The visions came at the worst possible moment, when my arms ached from too many fathoms of climbing, my hands ran slippery with sweat, and the darkness folded around me on every side. A vast thickness of rock stretched above my head, and an unknown fall beneath me. The taste of my own blood brought the memories rushing in. It shouldn’t have been a surprise. The remnants of Kara’s spell still plagued me, burning with whatever magic I held in my veins, amplifying her simple casting into something that threatened to unravel the whole history of my line into my dreaming. The suspicion that the völva had planned this outcome still lingered. Certainly plunging me into weeks of dream-sleep had given her far more opportunity to work on Snorri and to steal the key if he wouldn’t relinquish it.

The vision drew my thoughts from present suspicions to past ventures. We had been chasing the Lady Blue, Alica and myself, chasing her through the palace into the private quarters of the elder Gholloth, he whom legend had it was the true heir of the last emperor Adam the Third, albeit a bastard nephew. We never spoke that story too loud, indeed it hadn’t been told to me until my twenty-first birthday, little more than a year ago. There’s nothing more likely to unite the enemies of any kingdom than a legitimate claim on the Empire throne.

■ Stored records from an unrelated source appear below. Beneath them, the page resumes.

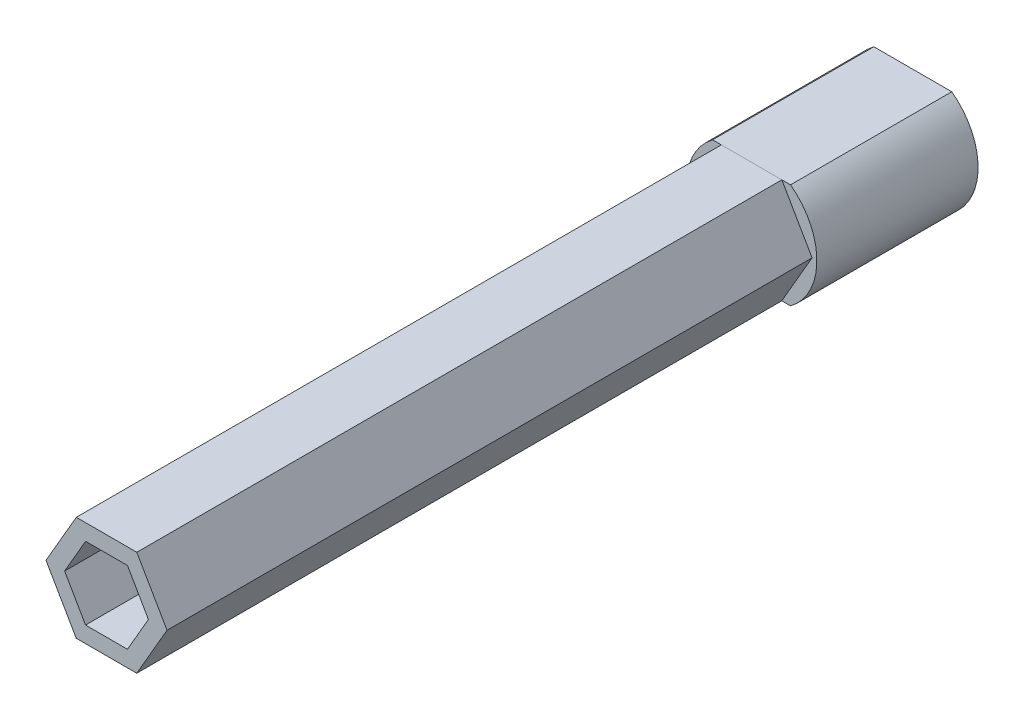
ISO-10303-21;
HEADER;
FILE_DESCRIPTION(('STEP AP214'),'2;1');
FILE_NAME('part.step','',(''),(''),'','','');
FILE_SCHEMA(('AUTOMOTIVE_DESIGN { 1 0 10303 214 1 1 1 1 }'));
ENDSEC;
DATA;
#1=APPLICATION_CONTEXT('core data for automotive mechanical design processes');
#2=APPLICATION_PROTOCOL_DEFINITION('international standard','automotive_design',2000,#1);
#3=PRODUCT_CONTEXT('',#1,'mechanical');
#4=PRODUCT('Part','Part','',(#3));
#5=PRODUCT_RELATED_PRODUCT_CATEGORY('part','',(#4));
#6=PRODUCT_DEFINITION_FORMATION('','',#4);
#7=PRODUCT_DEFINITION_CONTEXT('part definition',#1,'design');
#8=PRODUCT_DEFINITION('design','',#6,#7);
#9=PRODUCT_DEFINITION_SHAPE('','',#8);
#10=(LENGTH_UNIT() NAMED_UNIT(*) SI_UNIT(.MILLI.,.METRE.));
#11=(NAMED_UNIT(*) PLANE_ANGLE_UNIT() SI_UNIT($,.RADIAN.));
#12=(NAMED_UNIT(*) SI_UNIT($,.STERADIAN.) SOLID_ANGLE_UNIT());
#13=UNCERTAINTY_MEASURE_WITH_UNIT(LENGTH_MEASURE(1.E-05),#10,'distance_accuracy_value','');
#14=(GEOMETRIC_REPRESENTATION_CONTEXT(3) GLOBAL_UNCERTAINTY_ASSIGNED_CONTEXT((#13)) GLOBAL_UNIT_ASSIGNED_CONTEXT((#10,
#11,#12)) REPRESENTATION_CONTEXT('',''));
#15=CARTESIAN_POINT('',(0.,0.,0.));
#16=DIRECTION('',(0.,0.,1.));
#17=DIRECTION('',(1.,0.,0.));
#18=AXIS2_PLACEMENT_3D('',#15,#16,#17);
#19=CARTESIAN_POINT('',(0.,0.,10.));
#20=DIRECTION('',(0.,0.,1.));
#21=DIRECTION('',(1.,0.,0.));
#22=AXIS2_PLACEMENT_3D('',#19,#20,#21);
#23=PLANE('',#22);
#24=DIRECTION('',(0.500519628214266,0.865725188366524,0.));
#25=VECTOR('',#24,1.);
#26=CARTESIAN_POINT('',(1.29768760413523,-2.25077917221432,10.));
#27=LINE('',#26,#25);
#28=CARTESIAN_POINT('',(1.29768760413523,-2.25077917221432,10.));
#29=VERTEX_POINT('',#28);
#30=CARTESIAN_POINT('',(1.58721343572977,-1.75,10.));
#31=VERTEX_POINT('',#30);
#32=EDGE_CURVE('E255',#29,#31,#27,.T.);
#33=ORIENTED_EDGE('',*,*,#32,.T.);
#34=DIRECTION('',(-1.,0.,0.));
#35=VECTOR('',#34,1.);
#36=CARTESIAN_POINT('',(1.85472369909914,-1.75,10.));
#37=LINE('',#36,#35);
#38=CARTESIAN_POINT('',(-1.58821363394415,-1.75,10.));
#39=VERTEX_POINT('',#38);
#40=EDGE_CURVE('E216',#31,#39,#37,.T.);
#41=ORIENTED_EDGE('',*,*,#40,.T.);
#42=DIRECTION('',(0.499480191714345,-0.866325307309558,0.));
#43=VECTOR('',#42,1.);
#44=CARTESIAN_POINT('',(-2.59807574351413,0.00155915474988123,10.));
#45=LINE('',#44,#43);
#46=CARTESIAN_POINT('',(-1.30038813937889,-2.24922001746443,10.));
#47=VERTEX_POINT('',#46);
#48=EDGE_CURVE('E252',#39,#47,#45,.T.);
#49=ORIENTED_EDGE('',*,*,#48,.T.);
#50=DIRECTION('',(0.999999819928611,-0.000600118943034815,0.));
#51=VECTOR('',#50,1.);
#52=CARTESIAN_POINT('',(-1.30038813937889,-2.24922001746443,10.));
#53=LINE('',#52,#51);
#54=EDGE_CURVE('E273',#47,#29,#53,.T.);
#55=ORIENTED_EDGE('',*,*,#54,.T.);
#56=EDGE_LOOP('',(#33,#41,#49,#55));
#57=FACE_BOUND('',#56,.T.);
#58=ADVANCED_FACE('F45',(#57),#23,.T.);
#59=DIRECTION('',(-0.499480191714345,0.866325307309558,0.));
#60=VECTOR('',#59,1.);
#61=CARTESIAN_POINT('',(2.59807574351412,-0.00155915474988166,10.));
#62=LINE('',#61,#60);
#63=CARTESIAN_POINT('',(2.59807574351412,-0.00155915474988166,10.));
#64=VERTEX_POINT('',#63);
#65=CARTESIAN_POINT('',(2.54860817150372,0.084240062585808,10.));
#66=VERTEX_POINT('',#65);
#67=EDGE_CURVE('E283',#64,#66,#62,.T.);
#68=ORIENTED_EDGE('',*,*,#67,.T.);
#69=CARTESIAN_POINT('',(0.,0.,10.));
#70=DIRECTION('',(0.,0.,-1.));
#71=DIRECTION('',(-1.,0.,0.));
#72=AXIS2_PLACEMENT_3D('',#69,#70,#71);
#73=CIRCLE('',#72,2.55);
#74=CARTESIAN_POINT('',(2.5485052276818,-0.0872989374422718,10.));
#75=VERTEX_POINT('',#74);
#76=EDGE_CURVE('E675',#66,#75,#73,.T.);
#77=ORIENTED_EDGE('',*,*,#76,.T.);
#78=EDGE_CURVE('E276',#75,#64,#27,.T.);
#79=ORIENTED_EDGE('',*,*,#78,.T.);
#80=EDGE_LOOP('',(#68,#77,#79));
#81=FACE_BOUND('',#80,.T.);
#82=ADVANCED_FACE('F516',(#81),#23,.T.);
#83=DIRECTION('',(-0.500519628214266,-0.865725188366524,0.));
#84=VECTOR('',#83,1.);
#85=CARTESIAN_POINT('',(-1.29768760413523,2.25077917221431,10.));
#86=LINE('',#85,#84);
#87=CARTESIAN_POINT('',(-1.29768760413523,2.25077917221431,10.));
#88=VERTEX_POINT('',#87);
#89=CARTESIAN_POINT('',(-1.58721343572977,1.75,10.));
#90=VERTEX_POINT('',#89);
#91=EDGE_CURVE('E293',#88,#90,#86,.T.);
#92=ORIENTED_EDGE('',*,*,#91,.T.);
#93=DIRECTION('',(1.,0.,0.));
#94=VECTOR('',#93,1.);
#95=CARTESIAN_POINT('',(-1.85472369909914,1.75,10.));
#96=LINE('',#95,#94);
#97=CARTESIAN_POINT('',(1.58821363394415,1.75,10.));
#98=VERTEX_POINT('',#97);
#99=EDGE_CURVE('E236',#90,#98,#96,.T.);
#100=ORIENTED_EDGE('',*,*,#99,.T.);
#101=CARTESIAN_POINT('',(1.30038813937889,2.24922001746443,10.));
#102=VERTEX_POINT('',#101);
#103=EDGE_CURVE('E282',#98,#102,#62,.T.);
#104=ORIENTED_EDGE('',*,*,#103,.T.);
#105=DIRECTION('',(-0.999999819928611,0.000600118943034147,0.));
#106=VECTOR('',#105,1.);
#107=CARTESIAN_POINT('',(1.30038813937889,2.24922001746443,10.));
#108=LINE('',#107,#106);
#109=EDGE_CURVE('E287',#102,#88,#108,.T.);
#110=ORIENTED_EDGE('',*,*,#109,.T.);
#111=EDGE_LOOP('',(#92,#100,#104,#110));
#112=FACE_BOUND('',#111,.T.);
#113=ADVANCED_FACE('F523',(#112),#23,.T.);
#114=CARTESIAN_POINT('',(0.,0.,50.));
#115=DIRECTION('',(0.,0.,1.));
#116=DIRECTION('',(1.,0.,0.));
#117=AXIS2_PLACEMENT_3D('',#114,#115,#116);
#118=PLANE('',#117);
#119=DIRECTION('',(0.999999819928611,-0.000600118943034738,0.));
#120=VECTOR('',#119,1.);
#121=CARTESIAN_POINT('',(-1.87833842354729,-3.24887335855974,50.));
#122=LINE('',#121,#120);
#123=CARTESIAN_POINT('',(-1.87833842354729,-3.24887335855974,50.));
#124=VERTEX_POINT('',#123);
#125=CARTESIAN_POINT('',(1.87443765041756,-3.25112547097623,50.));
#126=VERTEX_POINT('',#125);
#127=EDGE_CURVE('E319',#124,#126,#122,.T.);
#128=ORIENTED_EDGE('',*,*,#127,.T.);
#129=DIRECTION('',(0.500519628214266,0.865725188366524,0.));
#130=VECTOR('',#129,1.);
#131=CARTESIAN_POINT('',(1.87443765041756,-3.25112547097623,50.));
#132=LINE('',#131,#130);
#133=CARTESIAN_POINT('',(3.75277607396485,-0.00225211241649553,50.));
#134=VERTEX_POINT('',#133);
#135=EDGE_CURVE('E323',#126,#134,#132,.T.);
#136=ORIENTED_EDGE('',*,*,#135,.T.);
#137=DIRECTION('',(-0.499480191714345,0.866325307309558,0.));
#138=VECTOR('',#137,1.);
#139=CARTESIAN_POINT('',(3.75277607396485,-0.00225211241649553,50.));
#140=LINE('',#139,#138);
#141=CARTESIAN_POINT('',(1.87833842354728,3.24887335855974,50.));
#142=VERTEX_POINT('',#141);
#143=EDGE_CURVE('E327',#134,#142,#140,.T.);
#144=ORIENTED_EDGE('',*,*,#143,.T.);
#145=DIRECTION('',(-0.999999819928611,0.000600118943034275,0.));
#146=VECTOR('',#145,1.);
#147=CARTESIAN_POINT('',(1.87833842354728,3.24887335855974,50.));
#148=LINE('',#147,#146);
#149=CARTESIAN_POINT('',(-1.87443765041756,3.25112547097623,50.));
#150=VERTEX_POINT('',#149);
#151=EDGE_CURVE('E330',#142,#150,#148,.T.);
#152=ORIENTED_EDGE('',*,*,#151,.T.);
#153=DIRECTION('',(-0.500519628214266,-0.865725188366524,0.));
#154=VECTOR('',#153,1.);
#155=CARTESIAN_POINT('',(-1.87443765041756,3.25112547097623,50.));
#156=LINE('',#155,#154);
#157=CARTESIAN_POINT('',(-3.75277607396485,0.0022521124164951,50.));
#158=VERTEX_POINT('',#157);
#159=EDGE_CURVE('E333',#150,#158,#156,.T.);
#160=ORIENTED_EDGE('',*,*,#159,.T.);
#161=DIRECTION('',(0.499480191714345,-0.866325307309558,0.));
#162=VECTOR('',#161,1.);
#163=CARTESIAN_POINT('',(-3.75277607396485,0.0022521124164951,50.));
#164=LINE('',#163,#162);
#165=EDGE_CURVE('E336',#158,#124,#164,.T.);
#166=ORIENTED_EDGE('',*,*,#165,.T.);
#167=EDGE_LOOP('',(#128,#136,#144,#152,#160,#166));
#168=FACE_BOUND('',#167,.T.);
#169=DIRECTION('',(-0.999999819928611,0.000600118943034815,0.));
#170=VECTOR('',#169,1.);
#171=CARTESIAN_POINT('',(-0.00135026762182833,-2.24999959483937,50.));
#172=LINE('',#171,#170);
#173=CARTESIAN_POINT('',(1.29768760413523,-2.25077917221432,50.));
#174=VERTEX_POINT('',#173);
#175=CARTESIAN_POINT('',(-1.30038813937889,-2.24922001746443,50.));
#176=VERTEX_POINT('',#175);
#177=EDGE_CURVE('E54',#174,#176,#172,.T.);
#178=ORIENTED_EDGE('',*,*,#177,.T.);
#179=DIRECTION('',(-0.499480191714345,0.866325307309558,0.));
#180=VECTOR('',#179,1.);
#181=CARTESIAN_POINT('',(-1.94923194144651,-1.12383043135728,50.));
#182=LINE('',#181,#180);
#183=CARTESIAN_POINT('',(-2.59807574351413,0.00155915474988123,50.));
#184=VERTEX_POINT('',#183);
#185=EDGE_CURVE('E11',#176,#184,#182,.T.);
#186=ORIENTED_EDGE('',*,*,#185,.T.);
#187=DIRECTION('',(0.500519628214266,0.865725188366524,0.));
#188=VECTOR('',#187,1.);
#189=CARTESIAN_POINT('',(-1.94788167382468,1.1261691634821,50.));
#190=LINE('',#189,#188);
#191=CARTESIAN_POINT('',(-1.29768760413523,2.25077917221431,50.));
#192=VERTEX_POINT('',#191);
#193=EDGE_CURVE('E415',#184,#192,#190,.T.);
#194=ORIENTED_EDGE('',*,*,#193,.T.);
#195=DIRECTION('',(0.999999819928611,-0.000600118943034147,0.));
#196=VECTOR('',#195,1.);
#197=CARTESIAN_POINT('',(0.00135026762182683,2.24999959483937,50.));
#198=LINE('',#197,#196);
#199=CARTESIAN_POINT('',(1.30038813937889,2.24922001746443,50.));
#200=VERTEX_POINT('',#199);
#201=EDGE_CURVE('E572',#192,#200,#198,.T.);
#202=ORIENTED_EDGE('',*,*,#201,.T.);
#203=DIRECTION('',(0.499480191714345,-0.866325307309558,0.));
#204=VECTOR('',#203,1.);
#205=CARTESIAN_POINT('',(1.94923194144651,1.12383043135728,50.));
#206=LINE('',#205,#204);
#207=CARTESIAN_POINT('',(2.59807574351412,-0.00155915474988166,50.));
#208=VERTEX_POINT('',#207);
#209=EDGE_CURVE('E568',#200,#208,#206,.T.);
#210=ORIENTED_EDGE('',*,*,#209,.T.);
#211=DIRECTION('',(-0.500519628214266,-0.865725188366524,0.));
#212=VECTOR('',#211,1.);
#213=CARTESIAN_POINT('',(1.94788167382468,-1.1261691634821,50.));
#214=LINE('',#213,#212);
#215=EDGE_CURVE('E563',#208,#174,#214,.T.);
#216=ORIENTED_EDGE('',*,*,#215,.T.);
#217=EDGE_LOOP('',(#178,#186,#194,#202,#210,#216));
#218=FACE_BOUND('',#217,.T.);
#219=ADVANCED_FACE('F539',(#168,#218),#118,.T.);
#220=CARTESIAN_POINT('',(0.,0.,10.));
#221=DIRECTION('',(0.,0.,1.));
#222=DIRECTION('',(1.,0.,0.));
#223=AXIS2_PLACEMENT_3D('',#220,#221,#222);
#224=PLANE('',#223);
#225=DIRECTION('',(0.499480191714345,-0.866325307309558,0.));
#226=VECTOR('',#225,1.);
#227=CARTESIAN_POINT('',(-3.75277607396485,0.0022521124164951,10.));
#228=LINE('',#227,#226);
#229=CARTESIAN_POINT('',(-3.75277607396485,0.00225211241649571,10.));
#230=VERTEX_POINT('',#229);
#231=CARTESIAN_POINT('',(-1.87813105049792,-3.24959271649905,10.));
#232=VERTEX_POINT('',#231);
#233=EDGE_CURVE('E324',#230,#232,#228,.T.);
#234=ORIENTED_EDGE('',*,*,#233,.F.);
#235=DIRECTION('',(-0.500519628214266,-0.865725188366524,0.));
#236=VECTOR('',#235,1.);
#237=CARTESIAN_POINT('',(-1.87443765041756,3.25112547097623,10.));
#238=LINE('',#237,#236);
#239=CARTESIAN_POINT('',(-1.87464549846826,3.25040646104057,10.));
#240=VERTEX_POINT('',#239);
#241=EDGE_CURVE('E605',#240,#230,#238,.T.);
#242=ORIENTED_EDGE('',*,*,#241,.F.);
#243=CARTESIAN_POINT('',(-1.87476299633689,3.25,10.));
#244=DIRECTION('',(-1.,0.,0.));
#245=VECTOR('',#244,1.);
#246=LINE('',#243,#245);
#247=CARTESIAN_POINT('',(-2.41660919471891,3.25,10.));
#248=VERTEX_POINT('',#247);
#249=EDGE_CURVE('E409',#240,#248,#246,.T.);
#250=ORIENTED_EDGE('',*,*,#249,.T.);
#251=CARTESIAN_POINT('',(0.,0.,10.));
#252=DIRECTION('',(0.,0.,1.));
#253=DIRECTION('',(1.,0.,0.));
#254=AXIS2_PLACEMENT_3D('',#251,#252,#253);
#255=CIRCLE('',#254,4.05);
#256=CARTESIAN_POINT('',(-2.41660919471891,-3.25,10.));
#257=VERTEX_POINT('',#256);
#258=EDGE_CURVE('E443',#248,#257,#255,.T.);
#259=ORIENTED_EDGE('',*,*,#258,.T.);
#260=CARTESIAN_POINT('',(-2.41660919471891,-3.25,10.));
#261=DIRECTION('',(1.,0.,0.));
#262=VECTOR('',#261,1.);
#263=LINE('',#260,#262);
#264=EDGE_CURVE('E466',#257,#232,#263,.T.);
#265=ORIENTED_EDGE('',*,*,#264,.T.);
#266=EDGE_LOOP('',(#234,#242,#250,#259,#265));
#267=FACE_BOUND('',#266,.T.);
#268=ADVANCED_FACE('F380',(#267),#224,.T.);
#269=CARTESIAN_POINT('',(0.,0.,10.));
#270=DIRECTION('',(0.,0.,-1.));
#271=DIRECTION('',(-1.,0.,0.));
#272=AXIS2_PLACEMENT_3D('',#269,#270,#271);
#273=CYLINDRICAL_SURFACE('',#272,4.05);
#274=CARTESIAN_POINT('',(0.,0.,0.));
#275=DIRECTION('',(0.,0.,1.));
#276=DIRECTION('',(1.,0.,0.));
#277=AXIS2_PLACEMENT_3D('',#274,#275,#276);
#278=CIRCLE('',#277,4.05);
#279=CARTESIAN_POINT('',(-2.41660919471891,3.25,0.));
#280=VERTEX_POINT('',#279);
#281=CARTESIAN_POINT('',(-2.41660919471891,-3.25,0.));
#282=VERTEX_POINT('',#281);
#283=EDGE_CURVE('E473',#280,#282,#278,.T.);
#284=ORIENTED_EDGE('',*,*,#283,.T.);
#285=DIRECTION('',(0.,0.,-1.));
#286=VECTOR('',#285,1.);
#287=CARTESIAN_POINT('',(-2.41660919471891,-3.25,10.));
#288=LINE('',#287,#286);
#289=EDGE_CURVE('E575',#257,#282,#288,.T.);
#290=ORIENTED_EDGE('',*,*,#289,.F.);
#291=ORIENTED_EDGE('',*,*,#258,.F.);
#292=DIRECTION('',(0.,0.,-1.));
#293=VECTOR('',#292,1.);
#294=CARTESIAN_POINT('',(-2.41660919471891,3.25,10.));
#295=LINE('',#294,#293);
#296=EDGE_CURVE('E635',#248,#280,#295,.T.);
#297=ORIENTED_EDGE('',*,*,#296,.T.);
#298=EDGE_LOOP('',(#284,#290,#291,#297));
#299=FACE_BOUND('',#298,.T.);
#300=ADVANCED_FACE('F47',(#299),#273,.T.);
#301=CARTESIAN_POINT('',(-2.41660919471891,-3.25,10.));
#302=DIRECTION('',(0.,1.,0.));
#303=DIRECTION('',(0.,0.,1.));
#304=AXIS2_PLACEMENT_3D('',#301,#302,#303);
#305=PLANE('',#304);
#306=DIRECTION('',(1.,0.,0.));
#307=VECTOR('',#306,1.);
#308=CARTESIAN_POINT('',(-2.41660919471891,-3.25,0.));
#309=LINE('',#308,#307);
#310=CARTESIAN_POINT('',(2.41660919471891,-3.25,0.));
#311=VERTEX_POINT('',#310);
#312=EDGE_CURVE('E477',#282,#311,#309,.T.);
#313=ORIENTED_EDGE('',*,*,#312,.T.);
#314=DIRECTION('',(0.,0.,-1.));
#315=VECTOR('',#314,1.);
#316=CARTESIAN_POINT('',(2.41660919471891,-3.25,10.));
#317=LINE('',#316,#315);
#318=CARTESIAN_POINT('',(2.41660919471891,-3.25,10.));
#319=VERTEX_POINT('',#318);
#320=EDGE_CURVE('E463',#319,#311,#317,.T.);
#321=ORIENTED_EDGE('',*,*,#320,.F.);
#322=CARTESIAN_POINT('',(1.87476299633689,-3.25,10.));
#323=DIRECTION('',(1.,0.,0.));
#324=VECTOR('',#323,1.);
#325=LINE('',#322,#324);
#326=CARTESIAN_POINT('',(1.87464549846826,-3.25040646104057,10.));
#327=VERTEX_POINT('',#326);
#328=EDGE_CURVE('E459',#327,#319,#325,.T.);
#329=ORIENTED_EDGE('',*,*,#328,.F.);
#330=CARTESIAN_POINT('',(-1.87833842354729,-3.24887335855974,9.99999999999999));
#331=DIRECTION('',(0.999999819928611,-0.000600118943034738,0.));
#332=VECTOR('',#331,1.);
#333=LINE('',#330,#332);
#334=EDGE_CURVE('E318',#232,#327,#333,.T.);
#335=ORIENTED_EDGE('',*,*,#334,.F.);
#336=ORIENTED_EDGE('',*,*,#264,.F.);
#337=ORIENTED_EDGE('',*,*,#289,.T.);
#338=EDGE_LOOP('',(#313,#321,#329,#335,#336,#337));
#339=FACE_BOUND('',#338,.T.);
#340=ADVANCED_FACE('F434',(#339),#305,.F.);
#341=CARTESIAN_POINT('',(0.,0.,10.));
#342=DIRECTION('',(0.,0.,-1.));
#343=DIRECTION('',(-1.,0.,0.));
#344=AXIS2_PLACEMENT_3D('',#341,#342,#343);
#345=CYLINDRICAL_SURFACE('',#344,4.05);
#346=CARTESIAN_POINT('',(0.,0.,0.));
#347=DIRECTION('',(0.,0.,1.));
#348=DIRECTION('',(1.,0.,0.));
#349=AXIS2_PLACEMENT_3D('',#346,#347,#348);
#350=CIRCLE('',#349,4.05);
#351=CARTESIAN_POINT('',(2.41660919471891,3.25,0.));
#352=VERTEX_POINT('',#351);
#353=EDGE_CURVE('E627',#311,#352,#350,.T.);
#354=ORIENTED_EDGE('',*,*,#353,.T.);
#355=DIRECTION('',(0.,0.,-1.));
#356=VECTOR('',#355,1.);
#357=CARTESIAN_POINT('',(2.41660919471891,3.25,10.));
#358=LINE('',#357,#356);
#359=CARTESIAN_POINT('',(2.41660919471891,3.25,10.));
#360=VERTEX_POINT('',#359);
#361=EDGE_CURVE('E420',#360,#352,#358,.T.);
#362=ORIENTED_EDGE('',*,*,#361,.F.);
#363=CARTESIAN_POINT('',(0.,0.,10.));
#364=DIRECTION('',(0.,0.,1.));
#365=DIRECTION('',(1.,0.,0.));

Memory painted my grandmother’s pursuit on the darkness as I descended, so vivid that it overwrote my sight and I sought the rungs utterly blind, all the while with corridors flashing through my mind, felled guards, broken doors, Alica Kendeth sprinting ahead of me, fearless and swift.

We wove past the carnage, speed our only goal, and still we came too late, past the wreckage of Gholloth the First’s elite bodyguard stationed at the doors of the old man’s bedchambers. The Lady Blue had felled three men in plate armour. God knows what magics she used and what it cost her. These would have been swift warriors, seasoned, loyal beyond question, deadly with sword and knife. They lay shattered as if each had been turned to glass and struck with a hammer, the sharp edges of their injuries softened by what leaked from them.

In the old man’s bedchamber, its wall hung with paintings of the sea, we found the king, the emperor if not for lies, treachery, and war. He lay at peace among his linens, clutching the red flower of his lifeblood to his chest. If you had lived somewhere where the emperors’ statues haunt every turn you would know at a glance that their blood ran from him. I saw it in the line of his jaw, the angle of his nose, the broadness of his shoulders, even slumped in death.

Alica’s cry held more rage than grief, but both were present. Then she saw it, and I followed her gaze. In the corner of the room a tall mirror stood. Silvered glass within an ebony frame. Such a thing would cost you a hundred in crown gold should you seek it in Vermillion today. But instead of reflecting the room it stood like a narrow window into some other place. A place where a figure ran, marked by the sapphires twinkling across her hair as she crossed a dreamland where crystal shards longer than lances and thicker than men jutted from the bedrock like the spines of a hedgehog.

My grandmother reached the mirror, and I swear she would have run headlong into it, but it shattered before her, a thousand glittering pieces of it filling the air, sliding down one across the other against the ebony board behind.

Alica Kendeth fell to her knees then, careless of the glass, and set her head to the ebony planks. She swore an oath. I saw it on her lips, but the words eluded me as I stepped down, foot questing for the next rung, and jolted to a halt against the mine floor.